Carlos María de Bustamante Merecilla
Carlos Ma.Bustamante.JPG
Portrait of Bustamante, circa 1836. Unknown artist.
Deputy of the Province of Mexico
In office
1813–1815
Personal details
Born 4 November 1774
Oaxaca, New Spain
Died 29 September 1848
Mexico City, Mexico
Occupation Statesman, historian, journalist

Carlos María de Bustamante Merecilla (4 November 1774 – 29 September 1848) was a Mexican statesman, historian, journalist and a supporter of Mexican independence. His historical "work early initiated an important Mexican national tradition of searching out and publishing basic materials on the Indian past and its fate in the colonial period." His writings in the 1820s shifted "the antiquarian bias of creole patriotism...into the ideology of a national liberation movement."

Carlos María de Bustamante was born in the city of Oaxaca on 4 November 1774. In 1796 he took up the study of law, participated in the attempts to secure Mexico's independence from Spain, and, when that was finally achieved, opposed Agustín de Iturbide's designs to transform the newborn republic into a hereditary monarchy.
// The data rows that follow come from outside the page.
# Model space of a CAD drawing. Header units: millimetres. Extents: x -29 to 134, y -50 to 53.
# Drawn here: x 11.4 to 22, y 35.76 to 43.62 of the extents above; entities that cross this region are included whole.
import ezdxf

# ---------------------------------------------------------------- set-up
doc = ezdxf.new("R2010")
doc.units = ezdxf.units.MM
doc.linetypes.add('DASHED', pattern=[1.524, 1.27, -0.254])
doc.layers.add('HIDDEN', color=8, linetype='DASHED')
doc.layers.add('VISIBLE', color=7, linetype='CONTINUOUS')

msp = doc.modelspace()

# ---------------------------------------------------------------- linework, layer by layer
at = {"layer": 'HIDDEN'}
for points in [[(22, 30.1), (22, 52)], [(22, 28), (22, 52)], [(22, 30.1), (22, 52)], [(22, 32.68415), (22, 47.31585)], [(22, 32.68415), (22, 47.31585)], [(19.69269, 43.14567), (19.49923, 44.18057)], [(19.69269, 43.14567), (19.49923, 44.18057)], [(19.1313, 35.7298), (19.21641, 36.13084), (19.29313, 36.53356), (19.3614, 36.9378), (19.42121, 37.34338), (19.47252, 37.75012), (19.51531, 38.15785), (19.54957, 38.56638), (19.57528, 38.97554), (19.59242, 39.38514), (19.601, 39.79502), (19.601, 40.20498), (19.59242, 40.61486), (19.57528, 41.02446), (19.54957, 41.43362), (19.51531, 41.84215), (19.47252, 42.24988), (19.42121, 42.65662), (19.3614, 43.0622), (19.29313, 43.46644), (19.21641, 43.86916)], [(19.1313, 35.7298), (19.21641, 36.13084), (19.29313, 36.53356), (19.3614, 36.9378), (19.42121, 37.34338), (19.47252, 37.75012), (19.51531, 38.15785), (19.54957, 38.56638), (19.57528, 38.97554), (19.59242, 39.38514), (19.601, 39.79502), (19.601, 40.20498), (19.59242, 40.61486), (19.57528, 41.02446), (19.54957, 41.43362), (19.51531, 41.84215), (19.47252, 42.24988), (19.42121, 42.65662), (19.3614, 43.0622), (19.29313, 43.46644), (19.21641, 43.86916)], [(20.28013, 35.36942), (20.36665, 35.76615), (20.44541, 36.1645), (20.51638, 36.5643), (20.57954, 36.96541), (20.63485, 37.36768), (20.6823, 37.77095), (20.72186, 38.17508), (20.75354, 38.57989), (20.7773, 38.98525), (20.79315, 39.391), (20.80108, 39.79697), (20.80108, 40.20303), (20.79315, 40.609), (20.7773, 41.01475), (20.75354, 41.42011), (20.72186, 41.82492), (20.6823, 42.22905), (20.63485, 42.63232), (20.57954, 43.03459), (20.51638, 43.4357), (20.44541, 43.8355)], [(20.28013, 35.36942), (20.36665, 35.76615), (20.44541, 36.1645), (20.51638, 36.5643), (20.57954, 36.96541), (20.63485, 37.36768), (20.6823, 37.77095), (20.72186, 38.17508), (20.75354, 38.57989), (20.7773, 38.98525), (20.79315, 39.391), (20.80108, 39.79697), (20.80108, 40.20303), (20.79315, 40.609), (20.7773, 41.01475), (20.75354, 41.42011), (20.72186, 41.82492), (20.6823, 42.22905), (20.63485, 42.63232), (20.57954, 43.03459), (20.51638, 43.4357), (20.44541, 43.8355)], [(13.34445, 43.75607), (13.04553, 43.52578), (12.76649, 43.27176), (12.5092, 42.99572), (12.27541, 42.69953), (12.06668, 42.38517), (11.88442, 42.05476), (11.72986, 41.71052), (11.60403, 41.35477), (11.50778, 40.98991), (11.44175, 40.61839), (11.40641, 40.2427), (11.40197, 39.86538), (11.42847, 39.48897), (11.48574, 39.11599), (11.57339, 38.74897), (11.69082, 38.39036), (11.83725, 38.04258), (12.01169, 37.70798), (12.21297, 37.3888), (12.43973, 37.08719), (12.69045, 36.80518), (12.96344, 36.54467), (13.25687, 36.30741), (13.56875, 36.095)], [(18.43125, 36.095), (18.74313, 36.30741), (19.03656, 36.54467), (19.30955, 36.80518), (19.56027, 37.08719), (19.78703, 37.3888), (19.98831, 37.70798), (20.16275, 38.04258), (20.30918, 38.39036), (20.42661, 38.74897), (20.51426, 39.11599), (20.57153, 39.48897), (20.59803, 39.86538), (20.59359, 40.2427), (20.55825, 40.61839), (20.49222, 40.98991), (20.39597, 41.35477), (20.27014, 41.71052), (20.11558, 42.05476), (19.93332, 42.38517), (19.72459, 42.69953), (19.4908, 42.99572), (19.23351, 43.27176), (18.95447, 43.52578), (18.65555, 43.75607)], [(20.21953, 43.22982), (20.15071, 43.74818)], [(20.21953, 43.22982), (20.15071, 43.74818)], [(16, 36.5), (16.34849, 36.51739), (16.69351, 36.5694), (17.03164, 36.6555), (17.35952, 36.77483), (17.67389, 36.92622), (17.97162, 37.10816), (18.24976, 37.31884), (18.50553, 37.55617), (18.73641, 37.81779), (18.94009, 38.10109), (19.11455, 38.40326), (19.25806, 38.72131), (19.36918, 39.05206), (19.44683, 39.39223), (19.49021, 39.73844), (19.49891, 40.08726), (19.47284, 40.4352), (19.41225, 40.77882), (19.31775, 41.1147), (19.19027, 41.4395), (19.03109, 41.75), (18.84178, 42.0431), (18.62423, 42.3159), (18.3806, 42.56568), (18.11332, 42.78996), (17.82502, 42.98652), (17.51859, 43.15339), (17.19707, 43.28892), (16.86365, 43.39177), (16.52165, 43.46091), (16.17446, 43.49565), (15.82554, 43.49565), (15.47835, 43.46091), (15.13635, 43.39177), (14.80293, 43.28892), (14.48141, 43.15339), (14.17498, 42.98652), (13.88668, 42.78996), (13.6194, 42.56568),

Repeatedly imprisoned and banished, he was nevertheless appointed to important positions in the Government. The Mexican-American War of 1846-48 was a source of deep grief to him.

He founded the Mexican newspaper Diario de Mexico in 1805 in which he expressed their independence liberal ideas and because this, he went to jail many times. After the Cádiz constitution he founded the newspaper "El Juguetillo". In 1813 José María Morelos y Pavón named him as editor in the independence newspaper Correo Americano del Sur.

Carlos María de Bustamante become deputy for the Provincia de Mexico in the Congress of Chilpancingo where he wrote the inaugural speech for Morelos, which "declared that the insurgents were about to free Mexicans from the chains of serfdom imposed on them in 1521." Bustamante participated in the writing of first Mexican Constitution. He spend most of the time between 1815 and 1822 in jail. In 1822, after Mexican independence was achieved, Bustamente was elected deputy of Oaxaca.

His historical sketch of The Mexican-American War is a sad record of the decay and disintegration which afflicted Mexico at the time. He writes with the greatest frankness, and unsparingly, about the conduct of the war on the Mexican side. His autobiography Lo que se dice, y lo que se hace, 1833, published in 1833, is also valuable as a fragment of contemporary history.